The liliger is the hybrid offspring of a male lion (Panthera leo) and a female liger (Panthera leo♂ × Panthera tigris♀). Thus, it is a second generation hybrid. In accordance with Haldane's rule, male tigons and ligers are sterile, but female ligers and tigons can produce cubs. The first such hybrid was born in 1943, at the Hellabrunn Zoo.

==Description==
Male liligers are slightly larger than the females, and also sport a mane, a characteristic they share with male lions. While a liger will often inherit the sandy coloring and stripes of its parentage, liligers often develop rosettes similar to a leopard.

==History==
There are claims of successful breeding of such hybrids in the past, however, these are based on unconfirmed sources and are often contained in entertainment publications. According to Wild Cats of the World (1975) by C. A. W. Guggisberg, ligers and tigons were long thought to be sterile, but in 1943, a 15-year-old hybrid between a lion and an 'Island' tiger was successfully mated with a lion at the Munich Hellabrunn Zoo. The female cub was raised to adulthood despite its delicate health.

In September 2012, the Russian Novosibirsk Zoo announced the first scientifically proven birth of a liliger. The cub was named Kiara, and was born to an 8-year-old female liger, Zita, and a male African lion, Sam. On May 16, 2013, the same couple produced three more female liligers: Luna, Sandra, and Eva.

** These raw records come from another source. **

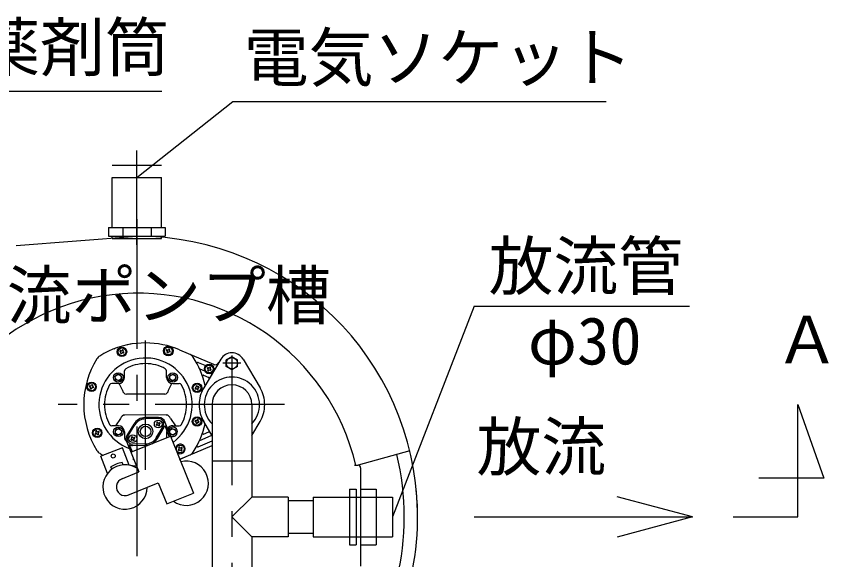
# Model space of a CAD drawing. Units: millimetres, scale not verified. Extents: x -9523 to 7796, y -6970 to 5108.
# Drawn here: x -4247 to -3307, y 159 to 788 of the extents above; entities that cross this region are included whole.
import ezdxf
from ezdxf.enums import TextEntityAlignment as Align

# ---------------------------------------------------------------- set-up
doc = ezdxf.new("R2010")
doc.units = ezdxf.units.MM
doc.header["$LTSCALE"] = 30
doc.linetypes.add('CHAIN1', pattern=[8, 5, -1, 1, -1])
for name, color, linetype, lineweight in [('0-0_KUTAI', 4, 'Continuous', 25), ('0-1_KIKI', 3, 'Continuous', 25), ('1-5_15', 3, 'Continuous', 25)]:
    doc.layers.add(name, color=color, linetype=linetype, lineweight=lineweight)
doc.styles.add('MS Gothic', font='')
doc.styles.get('MS Gothic').set_extended_font_data('MS Gothic')

msp = doc.modelspace()

# ---------------------------------------------------------------- linework, layer by layer
at = {"layer": '0-0_KUTAI'}
msp.add_lwpolyline([(-4078.65, 701.06), (-4304.73, 701.06), (-4734.96, 165.2)], dxfattribs=at)
at = {"layer": '0-1_KIKI', "linetype": 'CHAIN1'}
for p, q in [((-4107.7, 523.8), (-4107.7, 633.05)), ((-4107.7, 553.18), (-4107.7, -157.88)), ((-4097.7, 263.05), (-4097.7, 412.76)), ((-3997.7, 395.4), (-3997.7, 12.3)), ((-3936.66, 338.58), (-4198.89, 338.58))]:
    msp.add_line(p, q, dxfattribs=at)
at = {"layer": '0-1_KIKI'}
for p, q in [((-4136.2, 615.86), (-4079.2, 615.86)), ((-4136.2, 601.48), (-4079.2, 601.48)), ((-4136.2, 543.58), (-4136.2, 601.48)), ((-4079.2, 543.58), (-4079.2, 601.48)), ((-4140.61, 543.58), (-4074.79, 543.58)), ((-4124.15, 543.58), (-4124.15, 533.58)), ((-4091.25, 543.58), (-4091.25, 533.58)), ((-4074.79, 543.58), (-4074.79, 533.58)), ((-4247.37, 522.83), (-4107.7, 533.58)), ((-4136.2, 530.98), (-4136.2, 533.58)), ((-4136.2, 530.98), (-4079.2, 530.98)), ((-4079.2, 530.98), (-4079.2, 533.58)), ((-4127.09, 400.97), (-4127.3, 400.48)), ((-4126.38, 399.63), (-4127.14, 400.04)), ((-4126.66, 401.16), (-4125.85, 400.9)), ((-4126.37, 398.12), (-4126.1, 398.94)), ((-4125.69, 397.48), (-4126.17, 397.69)), ((-4124.84, 398.4), (-4125.24, 397.64)), ((-4125.15, 401.18), (-4124.75, 401.94)), ((-4124.3, 402.1), (-4123.81, 401.89)), ((-4123.32, 398.41), (-4124.14, 398.68)), ((-4123.62, 401.46), (-4123.88, 400.64)), ((-4123.6, 399.95), (-4122.84, 399.54)), ((-4122.89, 398.61), (-4122.69, 399.1)), ((-4073.41, 401.91), (-4073.62, 401.42)), ((-4072.7, 400.57), (-4073.46, 400.98)), ((-4072.98, 402.1), (-4072.17, 401.84)), ((-4072.69, 399.06), (-4072.42, 399.88)), ((-4072.01, 398.42), (-4072.49, 398.63)), ((-4071.16, 399.34), (-4071.56, 398.58)), ((-4071.47, 402.12), (-4071.07, 402.88)), ((-4070.62, 403.04), (-4070.13, 402.83)), ((-4069.64, 399.35), (-4070.46, 399.62)), ((-4069.94, 402.4), (-4070.2, 401.58)), ((-4069.92, 400.89), (-4069.16, 400.48)), ((-4069.21, 399.55), (-4069.01, 400.04)), ((-4058.41, 402.03), (-4019.19, 385.27)), ((-4036.89, 387.4), (-4029.23, 384.13)), ((-4010.59, 391.24), (-4030.36, 358)), ((-3987.2, 386.57), (-4008.2, 386.57)), ((-4004.2, 382.82), (-4004.2, 390.33)), ((-3991.2, 382.82), (-3991.2, 390.33)), ((-3984.81, 391.24), (-3965.04, 358)), ((-4122.17, 370.04), (-4122.16, 377.56)), ((-4073.23, 370.05), (-4073.23, 377.56)), ((-4034.91, 380.03), (-4029.6, 377.76)), ((-4025.95, 381.35), (-4026.22, 380.9)), ((-4025.43, 379.93), (-4026.13, 380.44)), ((-4025.62, 378.43), (-4025.24, 379.21)), ((-4025.5, 381.49), (-4024.72, 381.11)), ((-4025.03, 377.71), (-4025.48, 377.98)), ((-4024.06, 378.5), (-4024.56, 377.81)), ((-4024, 381.3), (-4023.49, 382)), ((-4022.56, 378.31), (-4023.33, 378.69)), ((-4023.03, 382.09), (-4022.58, 381.83)), ((-4022.44, 381.37), (-4022.82, 380.6)), ((-4022.63, 379.87), (-4021.93, 379.37)), ((-4022.1, 378.45), (-4021.84, 378.9)), ((-4019.87, 375.64), (-4018.33, 378.24)), ((-3997.7, 379.07), (-4004.2, 382.82)), ((-3991.2, 382.82), (-3997.7, 379.07)), ((-4133.07, 371.09), (-4130.21, 373.96)), ((-4128.12, 366.14), (-4125.26, 369.01)), ((-4070.13, 369.01), (-4069.09, 372.91)), ((-4070.13, 369.01), (-4067.28, 366.15)), ((-4069.09, 372.91), (-4065.19, 373.95)), ((-4067.28, 366.15), (-4063.37, 367.2)), ((-4065.19, 373.95), (-4062.33, 371.09)), ((-4063.37, 367.2), (-4062.33, 371.09)), ((-4030.41, 372.67), (-4024.47, 370.13)), ((-4022.02, 374.52), (-4021.64, 374.36)), ((-4162.58, 359.72), (-4162.43, 360.22)), ((-4161.58, 358.97), (-4162.38, 359.29)), ((-4162.02, 360.46), (-4161.18, 360.29)), ((-4161.41, 357.47), (-4161.23, 358.31)), ((-4160.52, 360.64), (-4160.2, 361.43)), ((-4159.92, 357.91), (-4160.24, 357.11)), ((-4159.27, 361.48), (-4159.77, 361.64)), ((-4158.41, 358.08), (-4159.25, 358.26)), ((-4159.03, 361.08), (-4159.2, 360.24)), ((-4158.85, 359.57), (-4158.05, 359.25)), ((-4157.85, 358.82), (-4158, 358.32)), ((-4129.16, 363.05), (-4136.68, 363.04)), ((-4124.24, 355.33), (-4128.16, 363.12)), ((-4071.17, 355.33), (-4067.25, 363.12)), ((-4066.23, 363.05), (-4058.72, 363.05)), ((-4040.4, 357.65), (-4040.25, 357.15)), ((-4039.4, 358.4), (-4040.2, 358.08)), ((-4039.22, 359.91), (-4039.05, 359.07)), ((-4038.98, 360.31), (-4038.48, 360.47)), ((-4037.73, 359.47), (-4038.05, 360.26)), ((-4036.23, 359.29), (-4037.07, 359.12)), ((-4036.67, 357.8), (-4035.87, 358.12)), ((-4035.67, 358.55), (-4035.82, 359.05)), ((-4161.17, 357.06), (-4160.67, 356.9)), ((-4075.49, 350.58), (-4119.91, 350.58)), ((-4039.84, 356.91), (-4039, 357.09)), ((-4038.33, 356.74), (-4038.01, 355.94)), ((-4037.08, 355.89), (-4037.58, 355.73)), ((-4036.84, 356.3), (-4037.02, 357.14)), ((-4020.7, 338.58), (-4020.7, 78.58)), ((-3974.7, 338.58), (-3974.7, 231.58)), ((-4126.58, 322.45), (-4132.29, 314.12)), ((-4073.75, 326.6), (-4121.8, 326.58)), ((-4082.67, 323.86), (-4097.97, 323.61)), ((-4082.64, 322.36), (-4097.94, 322.12)), ((-4076.05, 320.12), (-4042.13, 236.06)), ((-4068.83, 322.45), (-4063.12, 314.12)), ((-4040.4, 319.51), (-4040.25, 320.01)), ((-4039.84, 320.25), (-4039, 320.07)), ((-4038.33, 320.42), (-4038.01, 321.22)), ((-4037.08, 321.27), (-4037.58, 321.43)), ((-4036.84, 320.86), (-4037.02, 320.02)), ((-4129.17, 314.11), (-4136.68, 314.11)), ((-4128.12, 311.02), (-4125.26, 308.15)), ((-4111.42, 315.84), (-4119.29, 302.72)), ((-4118.01, 301.95), (-4110.14, 315.07)), ((-4085.27, 300.16), (-4077.4, 313.28)), ((-4084.92, 314.69), (-4085.18, 315.14)), ((-4085.08, 315.6), (-4084.38, 316.1)), ((-4084.19, 316.83), (-4084.54, 317.61)), ((-4083.69, 314.91), (-4084.47, 314.55)), ((-4083.95, 318.32), (-4084.4, 318.06)), ((-4083.97, 299.39), (-4076.12, 312.51)), ((-4083.48, 318.22), (-4082.99, 317.51)), ((-4082.47, 314.01), (-4082.97, 314.71)), ((-4082.27, 317.31), (-4081.49, 317.68)), ((-4081.56, 314.17), (-4082.01, 313.91)), ((-4081.77, 315.4), (-4081.41, 314.63)), ((-4080.87, 316.62), (-4081.58, 316.13)), ((-4081.04, 317.54), (-4080.77, 317.08)), ((-4077.45, 319.57), (-4076.7, 317.72)), ((-4075.33, 314.32), (-4070.15, 301.48)), ((-4067.28, 311.02), (-4070.14, 308.16)), ((-4067.28, 311.02), (-4063.37, 309.98)), ((-4066.24, 314.11), (-4058.72, 314.12)), ((-4063.12, 314.12), (-4058.73, 314.11)), ((-4039.4, 318.76), (-4040.2, 319.08)), ((-4039.22, 317.25), (-4039.05, 318.09)), ((-4038.98, 316.85), (-4038.48, 316.69)), ((-4037.73, 317.69), (-4038.05, 316.9)), ((-4036.23, 317.87), (-4037.07, 318.04)), ((-4036.67, 319.36), (-4035.87, 319.04)), ((-4035.67, 318.61), (-4035.82, 318.11)), ((-4020.39, 302.38), (-4030.36, 319.15)), ((-3974.7, 302.91), (-3965.04, 319.15)), ((-4155.59, 304.52), (-4155.86, 304.97)), ((-4155.77, 305.44), (-4155.07, 305.94)), ((-4154.89, 306.67), (-4155.27, 307.45)), ((-4154.36, 304.77), (-4155.14, 304.39)), ((-4154.68, 308.17), (-4155.13, 307.9)), ((-4154.22, 308.08), (-4153.71, 307.38)), ((-4153.13, 303.89), (-4153.64, 304.58)), ((-4152.98, 307.2), (-4152.21, 307.58)), ((-4152.67, 303.79), (-4152.21, 304.07)), ((-4152.46, 305.29), (-4152.08, 304.52)), ((-4151.58, 306.53), (-4152.28, 306.02)), ((-4151.76, 307.44), (-4151.49, 306.99)), ((-4133.07, 306.07), (-4130.21, 303.2)), ((-4122.17, 307.11), (-4122.16, 299.6)), ((-4114.67, 283.51), (-4068.76, 302.04)), ((-4113.4, 301.32), (-4113.85, 301.06)), ((-4112.93, 301.22), (-4112.44, 300.51)), ((-4073.23, 307.12), (-4073.24, 300.23)), ((-4070.14, 308.16), (-4069.09, 304.26)), ((-4069.09, 304.26), (-4065.19, 303.21)), ((-4034.91, 297.12), (-4021.64, 302.79)), ((-4030.41, 304.48), (-4024.47, 307.02)), ((-4120.13, 297.04), (-4105.42, 260.6)), ((-4116.66, 292.4), (-4113.29, 284.07)), ((-4114.37, 297.69), (-4114.63, 298.14)), ((-4114.53, 298.6), (-4113.83, 299.09)), ((-4113.64, 299.82), (-4113.99, 300.61)), ((-4113.14, 297.91), (-4113.92, 297.55)), ((-4097.7, 293.12), (-4112.76, 292.86)), ((-4111.92, 297.01), (-4112.42, 297.71)), ((-4111.72, 300.31), (-4110.94, 300.68)), ((-4111.01, 297.17), (-4111.46, 296.91)), ((-4111.22, 298.4), (-4110.86, 297.63)), ((-4110.33, 299.62), (-4111.03, 299.13)), ((-4110.49, 300.54), (-4110.22, 300.08)), ((-4036.89, 289.75), (-4020.7, 296.67)), ((-4124.48, 288.65), (-4149.42, 279.08)), ((-4116.77, 268.55), (-4124.48, 288.65)), ((-4112.74, 291.37), (-4097.7, 291.6)), ((-4059.45, 286.03), (-4059.14, 285.61)), ((-4059.41, 286.51), (-4058.77, 287.08)), ((-4058.66, 287.82), (-4059.12, 288.55)), ((-4059.03, 289.02), (-4058.61, 289.34)), ((-4057.94, 285.98), (-4058.67, 285.53)), ((-4058.14, 289.29), (-4057.57, 288.65)), ((-4057.97, 275.31), (-4020.7, 291.23)), ((-4056.62, 285.24), (-4057.2, 285.88)), ((-4056.82, 288.55), (-4056.09, 289)), ((-4055.73, 285.51), (-4056.15, 285.19)), ((-4056.1, 286.71), (-4055.64, 285.98)), ((-4055.36, 288.02), (-4056, 287.45)), ((-4055.31, 288.5), (-4055.63, 288.92)), ((-3791.79, 284.92), (-3851.7, 268.58)), ((-4141.71, 258.98), (-4149.42, 279.08)), ((-4112, 275.9), (-4112.1, 275.39)), ((-4111.15, 274.78), (-4111.85, 274.98)), ((-4110.69, 273.27), (-4110.66, 273.57)), ((-4110.38, 272.88), (-4110.41, 272.89)), ((-4058.41, 275.12), (-4047.04, 279.97)), ((-4020.7, 273.58), (-3974.7, 273.58)), ((-4136.77, 263.84), (-4137.75, 266.41)), ((-4123.69, 268.86), (-4124.68, 271.42)), ((-3855.75, 268.58), (-3851.7, 268.58)), ((-3848.7, 265.58), (-3848.7, 151.58)), ((-4125.82, 252.36), (-4105.42, 260.6)), ((-4118.27, 233.64), (-4082.92, 247.91)), ((-4082.92, 247.91), (-4073.09, 223.56)), ((-4073.09, 223.56), (-4042.13, 236.06)), ((-3861.7, 240.78), (-3861.7, 176.38)), ((-3848.7, 240.78), (-3830.7, 240.78)), ((-3830.7, 240.78), (-3830.7, 176.38)), ((-3932.7, 231.58), (-3974.7, 231.58)), ((-3932.7, 231.58), (-3932.7, 185.58)), ((-3932.7, 227.58), (-3903.7, 227.58)), ((-3903.7, 231.58), (-3811.7, 231.58)), ((-3903.7, 231.58), (-3903.7, 185.58)), ((-3811.7, 231.58), (-3811.7, 185.58)), ((-3464.56, 208.58), (-3551.5, 231.87)), ((-3932.7, 189.58), (-3903.7, 189.58)), ((-3932.7, 185.58), (-3974.7, 185.58)), ((-3974.7, 185.58), (-3974.7, 78.58)), ((-3903.7, 185.58), (-3811.7, 185.58)), ((-3861.7, 176.38), (-3853.7, 176.38)), ((-3848.7, 176.38), (-3830.7, 176.38))]:
    msp.add_line(p, q, dxfattribs=at)
at = {"layer": '0-1_KIKI', "color": 4}
for q in [(-3811.7, 208.58), (-3467.96, 452.63)]:
    msp.add_line((-3717.15, 452.63), q, dxfattribs=at)
msp.add_lwpolyline([(-4107.7, 601.48), (-3996.43, 689.57), (-3564.45, 689.57)], dxfattribs=at)
at = {"layer": '0-1_KIKI'}
for points in [[(-4140.61, 543.58), (-4140.61, 533.58), (-4074.79, 533.58)], [(-3991.2, 390.33), (-3997.7, 394.08), (-4004.2, 390.33)], [(-4128.12, 366.14), (-4132.03, 367.19), (-4133.07, 371.09)], [(-4125.26, 369.01), (-4126.31, 372.91), (-4130.21, 373.96)], [(-3417.48, 208.58), (-3342.48, 208.58), (-3342.48, 338.58), (-3312.48, 253.58), (-3387.48, 253.58)], [(-4128.12, 311.02), (-4132.03, 309.97), (-4133.07, 306.07)], [(-4125.26, 308.15), (-4126.31, 304.25), (-4130.21, 303.2)], [(-4063.37, 309.98), (-4062.33, 306.07), (-4065.19, 303.21)], [(-3861.7, 240.78), (-3853.7, 240.78), (-3853.7, 176.38)], [(-3974.7, 231.58), (-3997.7, 208.58), (-3974.7, 185.58)], [(-3717.31, 208.58), (-3464.56, 208.58), (-3551.5, 185.28)]]:
    msp.add_lwpolyline(points, dxfattribs=at)
for centre, radius in [((-4124.99, 399.79), 5.5), ((-4071.31, 400.73), 5.5), ((-4071.31, 400.73), 4.5), ((-4124.99, 399.79), 4.5), ((-3997.7, 386.57), 6.5), ((-4024.03, 379.9), 5.5), ((-4024.03, 379.9), 4.5), ((-4129.17, 370.04), 5.5), ((-4129.17, 370.04), 3.5), ((-4066.23, 370.05), 5.5), ((-4066.23, 370.05), 3.5), ((-4160.22, 359.27), 5.5), ((-4160.22, 359.27), 4.5), ((-4038.03, 358.1), 5.5), ((-4038.03, 358.1), 4.5), ((-4082.98, 316.12), 4.5), ((-4038.03, 319.06), 5.5), ((-4038.03, 319.06), 4.5), ((-4153.67, 305.98), 5.5), ((-4153.67, 305.98), 4.5), ((-4129.17, 307.11), 5.5), ((-4129.17, 307.11), 3.5), ((-4097.7, 307.61), 8.5), ((-4097.7, 307.61), 6.05), ((-4066.24, 307.11), 3.5), ((-4112.43, 299.12), 4.5), ((-4057.38, 287.27), 4.5), ((-4135.12, 279.1), 2.35)]:
    msp.add_circle(centre, radius, dxfattribs=at)
for centre, radius, start, end in [((-4107.7, 208.58), 325, 1.18552, 90), ((-4106.2, 208.58), 259, 13.395, 180), ((-4097.7, 310.07), 100, 95.739, 122.061), ((-4097.7, 310.07), 100, 78.423, 101.73), ((-4097.7, 310.07), 100, 66.864, 90), ((-4134.59, 405.17), 2, 291.201, 296.077), ((-4126.98, 400.35), 0.35, 157, 242), ((-4126.77, 400.83), 0.35, 72, 157), ((-4126.66, 399.12), 0.584, 342, 61.998), ((-4126.03, 398.01), 0.35, 162, 247.003), ((-4125.66, 401.45), 0.584, 252.002, 332), ((-4125.55, 397.8), 0.35, 246.997, 332), ((-4124.32, 398.12), 0.584, 72.002, 152), ((-4124.44, 401.77), 0.35, 66.997, 152), ((-4123.33, 400.46), 0.584, 162, 241.998), ((-4123.95, 401.57), 0.35, 342, 67.003), ((-4123.21, 398.75), 0.35, 252, 337), ((-4123.01, 399.23), 0.35, 337, 62), ((-4073.3, 401.29), 0.35, 157, 242), ((-4073.09, 401.77), 0.35, 72, 157), ((-4072.98, 400.06), 0.584, 342, 61.998), ((-4072.35, 398.95), 0.35, 162, 247.003), ((-4071.98, 402.39), 0.584, 252.002, 332), ((-4071.87, 398.74), 0.35, 246.997, 332), ((-4070.64, 399.06), 0.584, 72.002, 152), ((-4070.76, 402.71), 0.35, 66.997, 152), ((-4069.65, 401.4), 0.584, 162, 241.998), ((-4070.27, 402.51), 0.35, 342, 67.003), ((-4069.53, 399.69), 0.35, 252, 337), ((-4069.33, 400.17), 0.35, 337, 62), ((-4050.97, 387.98), 10, 33.295, 66.864), ((-3997.7, 383.57), 15, 30.738, 149.262), ((-4069.2, 338.58), 100, 147.939, 180), ((-4145.47, 386.35), 10, 122.061, 147.939), ((-4097.7, 338.58), 54, 306.092, 249.674), ((-4097.7, 338.58), 47.5, 90, 118.841), ((-4097.7, 338.58), 47.5, 61.159, 90), ((-4072.79, 386.71), 1, 320.589, 330), ((-4126.2, 338.58), 100, 12.837, 33.295), ((-4037.29, 386.48), 1, 66.864, 208.315), ((-4017.23, 389.87), 5, 246.864, 329.262), ((-4119.16, 377.56), 3, 118.841, 180), ((-4076.23, 377.56), 3, 0, 61.159), ((-4068.46, 384.21), 1, 150, 159.411), ((-4034.52, 380.95), 1, 204.807, 246.864), ((-4030.39, 375.92), 2, 32.051, 66.864), ((-4028.44, 385.97), 2, 246.864, 306.045), ((-4025.92, 380.72), 0.35, 149.26, 234.26), ((-4025.65, 381.17), 0.35, 64.26, 149.26), ((-4025.3, 378.28), 0.35, 154.26, 239.263), ((-4025.77, 379.46), 0.584, 334.26, 54.258), ((-4024.85, 378.01), 0.35, 239.257, 324.26), ((-4024.47, 381.64), 0.584, 244.262, 324.26), ((-4023.59, 378.16), 0.584, 64.262, 144.26), ((-4023.21, 381.79), 0.35, 59.257, 144.26), ((-4022.29, 380.34), 0.584, 154.26, 234.258), ((-4022.76, 381.52), 0.35, 334.26, 59.263), ((-4022.41, 378.63), 0.35, 244.26, 329.26), ((-4022.14, 379.08), 0.35, 329.26, 54.26), ((-4017.53, 379.87), 1, 179.701, 214.026), ((-4019.19, 378.75), 1, 329.262, 34.026), ((-4129.17, 370.04), 7, 270, 0), ((-4066.23, 370.05), 7, 180, 270), ((-4030.8, 371.75), 1, 66.864, 199.176), ((-3997.7, 338.58), 32, 315.951, 224.049), ((-4024.86, 369.21), 1, 329.262, 66.864), ((-4022.42, 373.6), 1, 66.864, 104.351), ((-4021.25, 375.28), 1, 246.864, 329.262), ((-4162.25, 359.62), 0.35, 162.997, 248), ((-4162.1, 360.12), 0.35, 78, 163.003), ((-4161.8, 358.43), 0.584, 348.002, 68), ((-4161.07, 357.39), 0.35, 168, 253), ((-4161.06, 360.86), 0.584, 258, 337.998), ((-4159.87, 361.3), 0.35, 73, 158), ((-4159.37, 357.69), 0.584, 78, 157.998), ((-4159.37, 361.15), 0.35, 348, 73), ((-4158.63, 360.11), 0.584, 168.002, 248), ((-4158.34, 358.42), 0.35, 258, 343.003), ((-4158.19, 358.93), 0.35, 342.997, 68), ((-4097.7, 338.58), 47.5, 151.159, 180), ((-4136.68, 360.05), 3, 90, 151.159), ((-4058.72, 360.05), 3, 28.841, 90), ((-4097.7, 338.58), 47.5, 0, 28.841), ((-4040.06, 357.76), 0.35, 112, 197.003), ((-4039.62, 358.94), 0.584, 292, 11.998), ((-4038.88, 359.98), 0.35, 107, 192), ((-4038.38, 360.13), 0.35, 22, 107), ((-4037.19, 359.69), 0.584, 202.002, 282), ((-4036.45, 357.26), 0.584, 112, 191.998), ((-4036.15, 358.95), 0.35, 16.997, 102), ((-4036, 358.45), 0.35, 292, 17.003), ((-3997.7, 338.58), 38, 149.262, 180), ((-3997.7, 338.58), 23, 0, 180), ((-3997.7, 338.58), 38, 0, 30.738), ((-4160.56, 357.24), 0.35, 253, 338), ((-4119.24, 355.53), 5, 182.277, 262.277), ((-4076.16, 355.53), 5, 277.723, 357.723), ((-4039.91, 357.25), 0.35, 196.997, 282), ((-4038.88, 356.52), 0.584, 22.002, 102), ((-4037.69, 356.07), 0.35, 202, 287), ((-4037.18, 356.22), 0.35, 287, 12), ((-4043.56, 341.08), 1, 260.588, 270), ((-4069.2, 338.58), 100, 180, 212.061), ((-4097.7, 338.58), 47.5, 180, 208.841), ((-4097.7, 338.58), 47.5, 331.159, 0), ((-4043.56, 336.08), 1, 90, 99.412), ((-3997.7, 338.58), 38, 180, 210.738), ((-3997.7, 338.58), 38, 329.262, 0), ((-4121.65, 321.58), 5, 90, 170), ((-4097.7, 307.61), 16, 120, 149.059), ((-4097.7, 307.61), 14.5, 120, 149.059), ((-4097.7, 307.61), 16, 90.941, 120), ((-4097.7, 307.61), 14.5, 90.941, 120), ((-4082.55, 316.37), 7.5, 13.961, 90.941), ((-4082.55, 316.37), 6, 329.059, 90.941), ((-4073.75, 321.58), 5, 10, 90), ((-4039.91, 319.91), 0.35, 78, 163.003), ((-4038.88, 320.64), 0.584, 258, 337.998), ((-4037.69, 321.09), 0.35, 73, 158), ((-4037.18, 320.94), 0.35, 348, 73), ((-4036.45, 319.9), 0.584, 168.002, 248), ((-4136.68, 317.11), 3, 208.841, 270), ((-4129.17, 307.11), 7, 0, 90), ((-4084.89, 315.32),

A liliger was born in the United States from a lion named Simba and a ligress named Akaria at 6:18 AM on November 29, 2013, at The Garold Wayne Interactive Zoological Foundation in Oklahoma. At approximately 3:00 AM on November 30, 2013, the ligress gave birth to two more cubs.

Craig Packer, director of the Lion Research Center at the University of Minnesota has said "In terms of conservation, it's so far away from anything, it's kind of pointless to even say it's irrelevant." The Association of Zoos and Aquariums (AZA), the organization responsible for accrediting zoos in North America, neither approves of nor breeds the animals, because they focus on the conservation of wildlife and programs serving that purpose.